The Regional Approval Committee (CRA) is made up of five members appointed by the
Board from among the members of the General Meeting. Its mandate is to organise the
periodic monitoring of micro-projects. It meets at least once every two months, and is
convened by the Coordinator.
Local level
Togo has a total of five AGAIBs, covering the country’s different administrative regions. The
first‚ in the Maritime region‚ was set up in 1998. The four others were officially created in
2001. AGAIB-Plateaux effectively became operational in 2008. It provides financial and
technical support for projects in communities with few income-generating activities (IGAs)
and for the construction of community infrastructures.

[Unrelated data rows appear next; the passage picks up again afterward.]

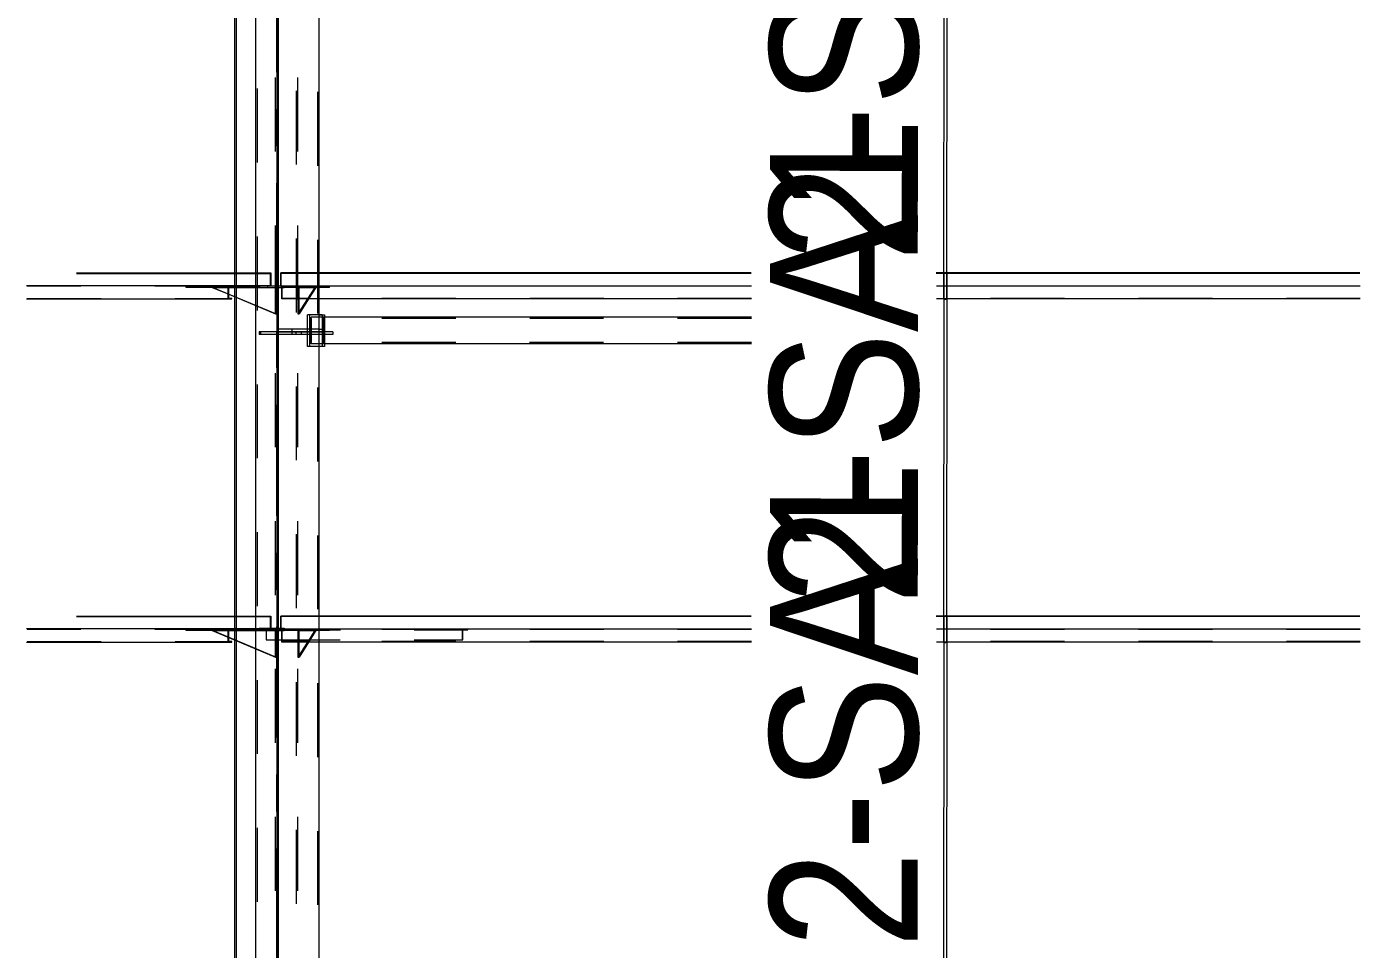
# Model space of a CAD drawing. Header units: millimetres. Extents: x -72 to 1100, y -472 to 348.
# Drawn here: x -6.76 to 29.31, y 38.52 to 63.49 of the extents above; entities that cross this region are included whole.
import ezdxf

# ---------------------------------------------------------------- set-up
doc = ezdxf.new("R2010")
doc.units = ezdxf.units.MM
for name, pattern in [('XKITLINE00', [0]), ('XKITLINE02', [4, 2, -2]), ('XKITLINE03', [6, 3, -1, 1, -1])]:
    doc.linetypes.add(name, pattern=pattern)
for name, color, linetype, lineweight in [('Part', 2, 'Continuous', 0), ('PartMark', 7, 'Continuous', 0), ('S-grid', 1, 'Continuous', 0)]:
    doc.layers.add(name, color=color, linetype=linetype, lineweight=lineweight)
doc.styles.add('ARIAL', font='ARIAL.TTF')

# ---------------------------------------------------------------- blocks, each defined once
blk = doc.blocks.new('*A21')
at = {"layer": 'Part', "color": 7, "linetype": 'XKITLINE02', "lineweight": 0}
for p, q in [((-0.528, 77.808), (-0.528, 0.107)), ((-0.035, 0.107), (-0.035, 77.782)), ((0.002, 77.78), (0.002, 0.107)), ((0.528, 77.752), (0.528, 0.107)), ((0.572, 0.107), (0.572, 77.749)), ((1.102, 77.721), (1.102, 0.107)), ((-1.139, 56.821), (-1.139, 56.176)), ((-1.102, 56.821), (-1.102, 56.161)), ((-0.572, 56.821), (-0.572, 55.94)), ((1.139, 56.821), (1.139, 56.12)), ((-1.139, 47.536), (-1.139, 46.891)), ((-1.102, 47.536), (-1.102, 46.875)), ((-0.572, 47.536), (-0.572, 46.654)), ((1.139, 47.536), (1.139, 46.834))]:
    blk.add_line(p, q, dxfattribs=at)
at = {"layer": 'Part', "color": 2, "linetype": 'XKITLINE00', "lineweight": 0}
for p, q in [((-0.002, 77.78), (-0.002, 0.107)), ((0.035, 77.778), (0.035, 0.107)), ((-1.139, 65.462), (-1.139, 56.821)), ((-1.102, 65.447), (-1.102, 56.821)), ((1.139, 65.406), (1.139, 56.821)), ((-0.572, 65.226), (-0.572, 56.821)), ((-1.139, 56.176), (-1.139, 47.536)), ((-1.102, 56.161), (-1.102, 47.536)), ((-0.572, 55.94), (-0.572, 47.536)), ((1.139, 56.12), (1.139, 47.536)), ((-1.139, 46.891), (-1.139, 38.25)), ((-1.102, 46.875), (-1.102, 38.25)), ((-0.572, 46.654), (-0.572, 38.25)), ((1.139, 46.834), (1.139, 38.25))]:
    blk.add_line(p, q, dxfattribs=at)
blk = doc.blocks.new('*A23')
at = {"layer": 'Part', "color": 2, "linetype": 'XKITLINE00', "lineweight": 0}
for p, q in [((-5.414, 47.536), (-0.164, 47.536)), ((-5.414, 47.523), (-0.176, 47.523)), ((-0.259, 47.523), (-0.259, 47.536)), ((-0.176, 47.523), (-0.176, 47.191)), ((-0.164, 47.536), (-0.164, 47.179)), ((-0.176, 47.191), (-6.765, 47.191)), ((-1.312, 46.834), (-1.312, 47.191)), ((-1.301, 46.847), (-1.301, 47.179)), ((-0.164, 47.179), (-1.301, 47.179)), ((-6.765, 46.834), (-1.218, 46.834)), ((-1.218, 46.847), (-1.301, 46.847)), ((-1.218, 46.834), (-1.218, 46.847))]:
    blk.add_line(p, q, dxfattribs=at)
at = {"layer": 'Part', "color": 7, "linetype": 'XKITLINE02', "lineweight": 0}
for p, q in [((-1.301, 47.179), (-6.75, 47.179)), ((-6.75, 46.847), (-1.301, 46.847))]:
    blk.add_line(p, q, dxfattribs=at)
blk = doc.blocks.new('*A39')
at = {"layer": 'Part', "color": 7, "linetype": 'XKITLINE02', "lineweight": 0}
for p, q in [((-1.743, 47.143), (-1.301, 46.959)), ((-1.743, 47.143), (-0.014, 47.143)), ((-1.726, 47.143), (-1.301, 46.966)), ((-0.03, 46.429), (-0.03, 47.143))]:
    blk.add_line(p, q, dxfattribs=at)
at = {"layer": 'Part', "color": 2, "linetype": 'XKITLINE00', "lineweight": 0}
for p, q in [((-1.301, 46.966), (-0.014, 46.429)), ((-1.301, 46.959), (-0.03, 46.429)), ((-0.014, 46.429), (-0.014, 47.143)), ((-0.03, 46.429), (-0.014, 46.429))]:
    blk.add_line(p, q, dxfattribs=at)
blk = doc.blocks.new('*A40')
at = {"layer": 'Part', "color": 7, "linetype": 'XKITLINE02', "lineweight": 0}
for p, q in [((-0.474, 47.214), (0.2, 47.214)), ((-0.474, 47.179), (-0.474, 47.214)), ((0.2, 47.179), (-0.474, 47.179)), ((-0.43, 47.179), (-0.43, 47.214)), ((-0.273, 47.179), (-0.273, 47.214)), ((-0.051, 47.179), (-0.051, 47.214)), ((0.2, 47.214), (0.2, 47.179))]:
    blk.add_line(p, q, dxfattribs=at)
blk = doc.blocks.new('*A41')
at = {"layer": 'Part', "color": 7, "linetype": 'XKITLINE02', "lineweight": 0}
for p, q in [((5.168, 47.179), (-0.287, 47.179)), ((-0.287, 47.179), (-0.287, 46.893)), ((-0.28, 47.164), (5.168, 47.164)), ((-0.28, 46.893), (-0.28, 47.164)), ((-0.144, 47.179), (-0.144, 47.164)), ((5.025, 46.893), (5.025, 47.179)), ((5.032, 46.893), (5.032, 47.164)), ((5.168, 47.164), (5.168, 47.179)), ((-0.287, 46.893), (5.032, 46.893))]:
    blk.add_line(p, q, dxfattribs=at)
blk = doc.blocks.new('*A42')
at = {"layer": 'Part', "color": 7, "linetype": 'XKITLINE02', "lineweight": 0}
for p, q in [((1.139, 55.229), (-0.477, 55.229)), ((-0.477, 55.229), (-0.477, 55.158)), ((-0.433, 55.158), (-0.433, 55.229)), ((0.418, 55.158), (0.418, 55.229)), ((0.522, 55.158), (0.522, 55.229)), ((0.666, 55.158), (0.666, 55.229)), ((1.139, 55.158), (-0.477, 55.158))]:
    blk.add_line(p, q, dxfattribs=at)
at = {"layer": 'Part', "color": 2, "linetype": 'XKITLINE00', "lineweight": 0}
for p, q in [((1.518, 55.229), (1.139, 55.229)), ((1.518, 55.229), (1.518, 55.158)), ((1.518, 55.158), (1.139, 55.158))]:
    blk.add_line(p, q, dxfattribs=at)
blk = doc.blocks.new('*A43')
at = {"layer": 'Part', "color": 7, "linetype": 'XKITLINE02', "lineweight": 0}
for p, q in [((0.01, 55.301), (0.01, 55.229)), ((1.139, 55.301), (0.01, 55.301)), ((0.01, 55.229), (1.232, 55.229)), ((0.412, 55.229), (0.412, 55.301)), ((0.83, 55.229), (0.83, 55.301))]:
    blk.add_line(p, q, dxfattribs=at)
at = {"layer": 'Part', "color": 2, "linetype": 'XKITLINE00', "lineweight": 0}
for p, q in [((1.139, 55.301), (1.232, 55.301)), ((1.232, 55.301), (1.232, 55.229))]:
    blk.add_line(p, q, dxfattribs=at)
blk = doc.blocks.new('*A44')
at = {"layer": 'Part', "color": 7, "linetype": 'XKITLINE02', "lineweight": 0}
for p, q in [((1.232, 55.693), (0.83, 55.693)), ((0.83, 54.836), (0.83, 55.693)), ((0.893, 54.836), (0.893, 55.693)), ((1.232, 55.229), (1.232, 55.158)), ((1.295, 55.229), (1.295, 55.158)), ((1.232, 54.836), (0.83, 54.836))]:
    blk.add_line(p, q, dxfattribs=at)
at = {"layer": 'Part', "color": 2, "linetype": 'XKITLINE00', "lineweight": 0}
for p, q in [((1.139, 55.693), (1.295, 55.693)), ((1.232, 55.693), (1.232, 55.229)), ((1.295, 55.693), (1.295, 55.229)), ((1.295, 54.836), (1.139, 54.836)), ((1.232, 55.158), (1.232, 54.836)), ((1.295, 55.158), (1.295, 54.836))]:
    blk.add_line(p, q, dxfattribs=at)
blk = doc.blocks.new('*A45')
at = {"layer": 'Part', "color": 7, "linetype": 'XKITLINE02', "lineweight": 0}
for p, q in [((1.43, 47.179), (0.177, 47.179)), ((0.177, 47.179), (0.177, 47.143)), ((1.43, 47.143), (0.177, 47.143)), ((0.473, 47.143), (0.473, 47.179)), ((0.502, 47.143), (0.502, 47.179)), ((0.997, 47.179), (0.997, 47.143)), ((1.396, 47.143), (1.396, 47.179)), ((1.43, 47.143), (1.43, 47.179))]:
    blk.add_line(p, q, dxfattribs=at)
blk = doc.blocks.new('*A46')
at = {"layer": 'Part', "color": 7, "linetype": 'XKITLINE02', "lineweight": 0}
for p, q in [((0.571, 47.143), (0.571, 46.834)), ((1.028, 47.143), (0.571, 47.143)), ((0.571, 47.143), (0.602, 47.143)), ((0.602, 46.429), (0.602, 47.143)), ((0.602, 47.143), (1.059, 47.143)), ((1.028, 47.143), (0.83, 46.834)), ((1.059, 47.143), (0.862, 46.834)), ((1.028, 47.143), (1.059, 47.143))]:
    blk.add_line(p, q, dxfattribs=at)
at = {"layer": 'Part', "color": 2, "linetype": 'XKITLINE00', "lineweight": 0}
for p, q in [((0.571, 46.834), (0.571, 46.429)), ((0.83, 46.834), (0.571, 46.429)), ((0.862, 46.834), (0.602, 46.429)), ((0.571, 46.429), (0.602, 46.429))]:
    blk.add_line(p, q, dxfattribs=at)
blk = doc.blocks.new('*A47')
at = {"layer": 'Part', "color": 7, "linetype": 'XKITLINE02', "lineweight": 0}
for p, q in [((-2.448, 47.143), (-2.448, 47.179)), ((-2.448, 47.179), (-0.164, 47.179)), ((-1.301, 47.143), (-2.448, 47.143)), ((-2.012, 47.143), (-2.012, 47.179)), ((-0.24, 47.143), (-0.24, 47.179)), ((0.196, 47.179), (-0.002, 47.179)), ((-0.002, 47.143), (0.196, 47.143)), ((0.196, 47.143), (0.196, 47.179))]:
    blk.add_line(p, q, dxfattribs=at)
at = {"layer": 'Part', "color": 2, "linetype": 'XKITLINE00', "lineweight": 0}
for p, q in [((-1.301, 47.143), (-0.002, 47.143)), ((-0.002, 47.179), (-0.164, 47.179))]:
    blk.add_line(p, q, dxfattribs=at)
blk = doc.blocks.new('*A49')
at = {"layer": 'Part', "color": 2, "linetype": 'XKITLINE00', "lineweight": 0}
for p, q in [((-5.414, 56.821), (-0.164, 56.821)), ((-5.414, 56.809), (-0.176, 56.809)), ((-0.259, 56.809), (-0.259, 56.821)), ((-0.176, 56.809), (-0.176, 56.477)), ((-0.164, 56.821), (-0.164, 56.464)), ((-0.176, 56.477), (-6.765, 56.477)), ((-1.312, 56.12), (-1.312, 56.477)), ((-1.301, 56.133), (-1.301, 56.464)), ((-0.164, 56.464), (-1.301, 56.464)), ((-6.765, 56.12), (-1.218, 56.12)), ((-1.218, 56.133), (-1.301, 56.133)), ((-1.218, 56.12), (-1.218, 56.133))]:
    blk.add_line(p, q, dxfattribs=at)
at = {"layer": 'Part', "color": 7, "linetype": 'XKITLINE02', "lineweight": 0}
for p, q in [((-1.301, 56.464), (-6.75, 56.464)), ((-6.75, 56.133), (-1.301, 56.133))]:
    blk.add_line(p, q, dxfattribs=at)
blk = doc.blocks.new('*A50')
at = {"layer": 'Part', "color": 7, "linetype": 'XKITLINE02', "lineweight": 0}
for p, q in [((-1.743, 56.429), (-1.301, 56.244)), ((-1.743, 56.429), (-0.014, 56.429)), ((-1.726, 56.429), (-1.301, 56.251)), ((-0.03, 55.714), (-0.03, 56.429))]:
    blk.add_line(p, q, dxfattribs=at)
at = {"layer": 'Part', "color": 2, "linetype": 'XKITLINE00', "lineweight": 0}
for p, q in [((-0.014, 55.714), (-0.014, 56.429)), ((-1.301, 56.251), (-0.014, 55.714)), ((-1.301, 56.244), (-0.03, 55.714)), ((-0.03, 55.714), (-0.014, 55.714))]:
    blk.add_line(p, q, dxfattribs=at)
blk = doc.blocks.new('*A55')
at = {"layer": 'Part', "color": 7, "linetype": 'XKITLINE02', "lineweight": 0}
for p, q in [((1.43, 56.464), (0.177, 56.464)), ((0.177, 56.464), (0.177, 56.429)), ((1.43, 56.429), (0.177, 56.429)), ((0.473, 56.429), (0.473, 56.464)), ((0.502, 56.429), (0.502, 56.464)), ((0.997, 56.464), (0.997, 56.429)), ((1.396, 56.429), (1.396, 56.464)), ((1.43, 56.429), (1.43, 56.464))]:
    blk.add_line(p, q, dxfattribs=at)
blk = doc.blocks.new('*A56')
at = {"layer": 'Part', "color": 7, "linetype": 'XKITLINE02', "lineweight": 0}
for p, q in [((0.571, 56.429), (0.571, 56.12)), ((1.028, 56.429), (0.571, 56.429)), ((0.571, 56.429), (0.602, 56.429)), ((0.602, 55.714), (0.602, 56.429)), ((0.602, 56.429), (1.059, 56.429)), ((1.028, 56.429), (0.83, 56.12)), ((1.059, 56.429), (0.862, 56.12)), ((1.028, 56.429), (1.059, 56.429))]:
    blk.add_line(p, q, dxfattribs=at)
at = {"layer": 'Part', "color": 2, "linetype": 'XKITLINE00', "lineweight": 0}
for p, q in [((0.571, 56.12), (0.571, 55.714)), ((0.83, 56.12), (0.571, 55.714)), ((0.862, 56.12), (0.602, 55.714)), ((0.571, 55.714), (0.602, 55.714))]:
    blk.add_line(p, q, dxfattribs=at)
blk = doc.blocks.new('*A59')
at = {"layer": 'Part', "color": 7, "linetype": 'XKITLINE02', "lineweight": 0}
for p, q in [((-2.448, 56.429), (-2.448, 56.464)), ((-2.448, 56.464), (-0.164, 56.464)), ((-1.301, 56.429), (-2.448, 56.429)), ((-2.012, 56.429), (-2.012, 56.464)), ((-0.24, 56.429), (-0.24, 56.464)), ((0.196, 56.464), (-0.002, 56.464)), ((-0.002, 56.429), (0.196, 56.429)), ((0.196, 56.429), (0.196, 56.464))]:
    blk.add_line(p, q, dxfattribs=at)
at = {"layer": 'Part', "color": 2, "linetype": 'XKITLINE00', "lineweight": 0}
for p, q in [((-1.301, 56.429), (-0.002, 56.429)), ((-0.002, 56.464), (-0.164, 56.464))]:
    blk.add_line(p, q, dxfattribs=at)
blk = doc.blocks.new('*A184')
at = {"layer": 'S-grid', "color": 1, "linetype": 'XKITLINE03', "lineweight": 0}
blk.add_line((0, -15.75), (0, 77.78), dxfattribs=at)
blk = doc.blocks.new('*A185')
at = {"layer": 'S-grid', "color": 1, "linetype": 'XKITLINE03', "lineweight": 0}
blk.add_line((0, -15.75), (0, 77.78), dxfattribs=at)
blk = doc.blocks.new('*A192')
at = {"layer": 'Part', "color": 7, "linetype": 'XKITLINE02', "lineweight": 0}
for p, q in [((0.927, 54.908), (0.927, 55.622)), ((1.295, 55.622), (0.927, 55.622)), ((12.841, 55.593), (0.94, 55.593)), ((0.94, 54.936), (0.94, 55.593)), ((1.249, 55.593), (1.249, 54.936)), ((1.262, 55.622), (1.262, 54.908)), ((1.295, 54.908), (0.927, 54.908)), ((12.84, 54.936), (0.94, 54.936))]:
    blk.add_line(p, q, dxfattribs=at)
at = {"layer": 'Part', "color": 2, "linetype": 'XKITLINE00', "lineweight": 0}
for p, q in [((12.841, 55.622), (1.295, 55.622)), ((12.84, 54.908), (1.295, 54.908))]:
    blk.add_line(p, q, dxfattribs=at)
blk = doc.blocks.new('*A193')
at = {"layer": 'Part', "color": 2, "linetype": 'XKITLINE00', "lineweight": 0}
for p, q in [((0.11, 47.536), (0.107, 47.536)), ((0.107, 47.536), (0.107, 47.179)), ((0.107, 47.191), (0.107, 47.523)), ((0.107, 47.523), (0.11, 47.523)), ((0.11, 47.523), (0.11, 47.536)), ((12.832, 47.536), (0.11, 47.536)), ((12.832, 47.523), (0.11, 47.523)), ((17.842, 47.536), (17.832, 47.536)), ((17.842, 47.523), (17.832, 47.523)), ((18.032, 47.536), (17.842, 47.536)), ((18.032, 47.523), (17.842, 47.523)), ((29.298, 47.536), (18.128, 47.536)), ((29.298, 47.523), (18.128, 47.523)), ((0.107, 47.191), (12.842, 47.191)), ((0.107, 47.179), (0.14, 47.179)), ((0.14, 46.834), (0.14, 47.191)), ((0.14, 47.179), (0.14, 46.847)), ((17.842, 47.191), (29.308, 47.191)), ((0.14, 46.847), (0.137, 46.847)), ((0.137, 46.847), (0.137, 46.834)), ((0.137, 46.834), (0.14, 46.834)), ((12.842, 46.834), (0.14, 46.834)), ((29.308, 46.834), (17.842, 46.834))]:
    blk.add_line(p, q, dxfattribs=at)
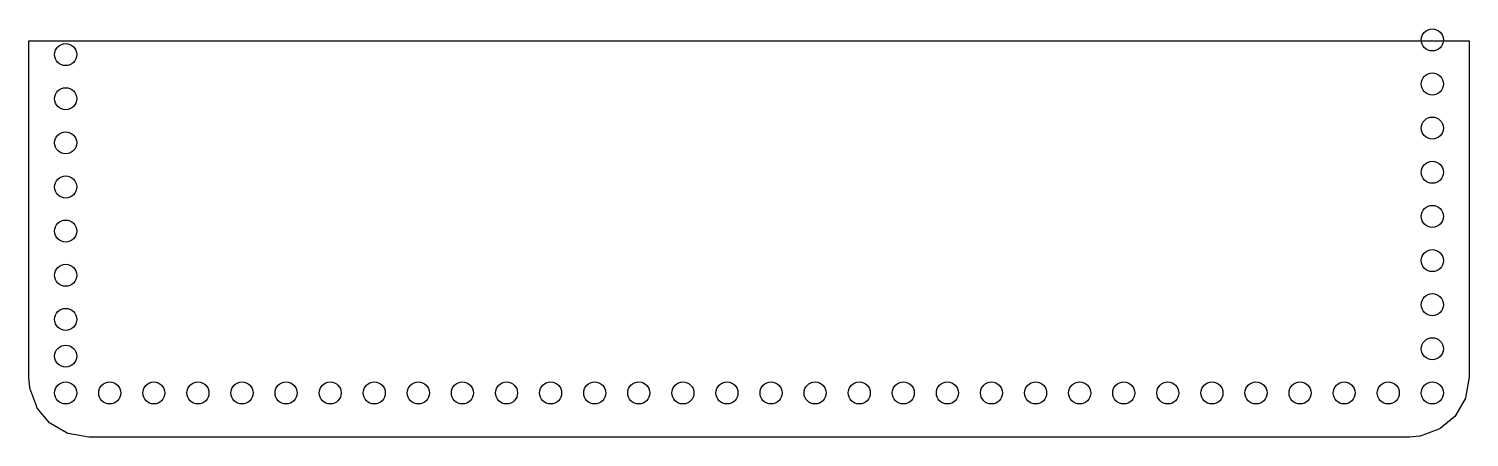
# Model space of a CAD drawing. Extents: x 127.3 to 152.1, y -81 to -74.
import ezdxf

# ---------------------------------------------------------------- set-up
doc = ezdxf.new("R2010")
doc.units = 0
doc.header["$MEASUREMENT"] = 0
doc.layers.get('0').update_dxf_attribs({"linetype": 'CONTINUOUS'})
doc.layers.add('BLACK', color=7, linetype='CONTINUOUS')

msp = doc.modelspace()

# ---------------------------------------------------------------- linework, layer by layer
at = {"linetype": 'Continuous'}
msp.add_lwpolyline([(152.147, -79.9878), (152.147, -79.9934), (152.085, -80.3457), (152.085, -80.3457), (152.077, -80.3664), (151.912, -80.6519), (151.898, -80.6688), (151.645, -80.8807), (151.636, -80.8864), (151.626, -80.8917), (151.303, -81.0093), (151.295, -81.0107), (151.287, -81.0129), (151.122, -81.0274), (151.119, -81.0271), (151.116, -81.0276), (128.298, -81.0276), (128.292, -81.0266), (128.287, -81.0266), (127.934, -80.9645), (127.933, -80.9641), (127.914, -80.957), (127.628, -80.7921), (127.611, -80.778), (127.399, -80.5254), (127.392, -80.5133), (127.388, -80.5063), (127.271, -80.1833), (127.269, -80.1751), (127.267, -80.1671), (127.253, -80.0017), (127.252, -74.1837), (152.148, -74.1837), (152.148, -79.9824)], close=True, dxfattribs=at)
at = {"layer": 'BLACK', "linetype": 'Continuous'}
msp.add_lwpolyline([(127.253, -80.0017), (127.253, -79.999), (127.252, -79.9962)], dxfattribs=at)
at = {"layer": 'BLACK'}
for centre in [(151.511, -74.168), (151.511, -74.168), (127.889, -74.422), (127.889, -74.422), (151.511, -74.93), (151.511, -74.93), (127.889, -75.184), (127.889, -75.184), (151.511, -75.692), (151.511, -75.692), (127.889, -75.946), (127.889, -75.946), (151.511, -76.454), (151.511, -76.454), (127.889, -76.708), (127.889, -76.708), (151.511, -77.216), (151.511, -77.216), (127.889, -77.47), (127.889, -77.47), (151.511, -77.978), (151.511, -77.978), (127.889, -78.232), (127.889, -78.232), (151.511, -78.74), (151.511, -78.74), (127.889, -78.994), (127.889, -78.994), (151.511, -79.502), (151.511, -79.502), (127.889, -79.629), (127.889, -79.629), (127.889, -80.264), (127.889, -80.264), (128.651, -80.264), (128.651, -80.264), (129.413, -80.264), (129.413, -80.264), (130.175, -80.264), (130.175, -80.264), (130.937, -80.264), (130.937, -80.264), (131.699, -80.264), (131.699, -80.264), (132.461, -80.264), (132.461, -80.264), (133.223, -80.264), (133.223, -80.264), (133.985, -80.264), (133.985, -80.264), (134.747, -80.264), (134.747, -80.264), (135.509, -80.264), (135.509, -80.264), (136.271, -80.264), (136.271, -80.264), (137.033, -80.264), (137.033, -80.264), (137.795, -80.264), (137.795, -80.264), (138.557, -80.264), (138.557, -80.264), (139.319, -80.264), (139.319, -80.264), (140.081, -80.264), (140.081, -80.264), (140.843, -80.264), (140.843, -80.264), (141.605, -80.264), (141.605, -80.264), (142.367, -80.264), (142.367, -80.264), (143.129, -80.264), (143.129, -80.264), (143.891, -80.264), (143.891, -80.264), (144.653, -80.264), (144.653, -80.264), (145.415, -80.264), (145.415, -80.264), (146.177, -80.264), (146.177, -80.264), (146.939, -80.264), (146.939, -80.264), (147.701, -80.264), (147.701, -80.264), (148.463, -80.264), (148.463, -80.264), (149.225, -80.264), (149.225, -80.264), (149.987, -80.264), (149.987, -80.264), (150.749, -80.264), (150.749, -80.264), (151.511, -80.264), (151.511, -80.264)]:
    msp.add_circle(centre, 0.1905, dxfattribs=at)

doc.saveas('drawing.dxf')

Its missions notably include the definition of activity policies and strategies; it is also tasked
with monitoring compliance with the procedures manual, approving the work program, and
examining and validating activity reports, as well as the annual accounts presented by the
Coordinator. The AGAIBs also rely on intermediaries, namely the NGOs or independent
consultants who bring their technical know-how to the beneficiary organisations and liaise
with the Coordinator. The decision to study the AGAIB in the Plateaux region was based on
the fact that this is the country’s biggest and most agricultural region, and the one with the
largest number of micro-projects:102 identified out of a total of 395 (DGCSN, 2006)`.
The total amount of the project is 17.2 millions dollars (approx. 7.2 billion CFA francs),
divided up among the 5 AGAIBs on the basis of need. AGAIB-Plateaux’ share for the period
2008-2011 was 2 billion CFA francs (RT, 2008).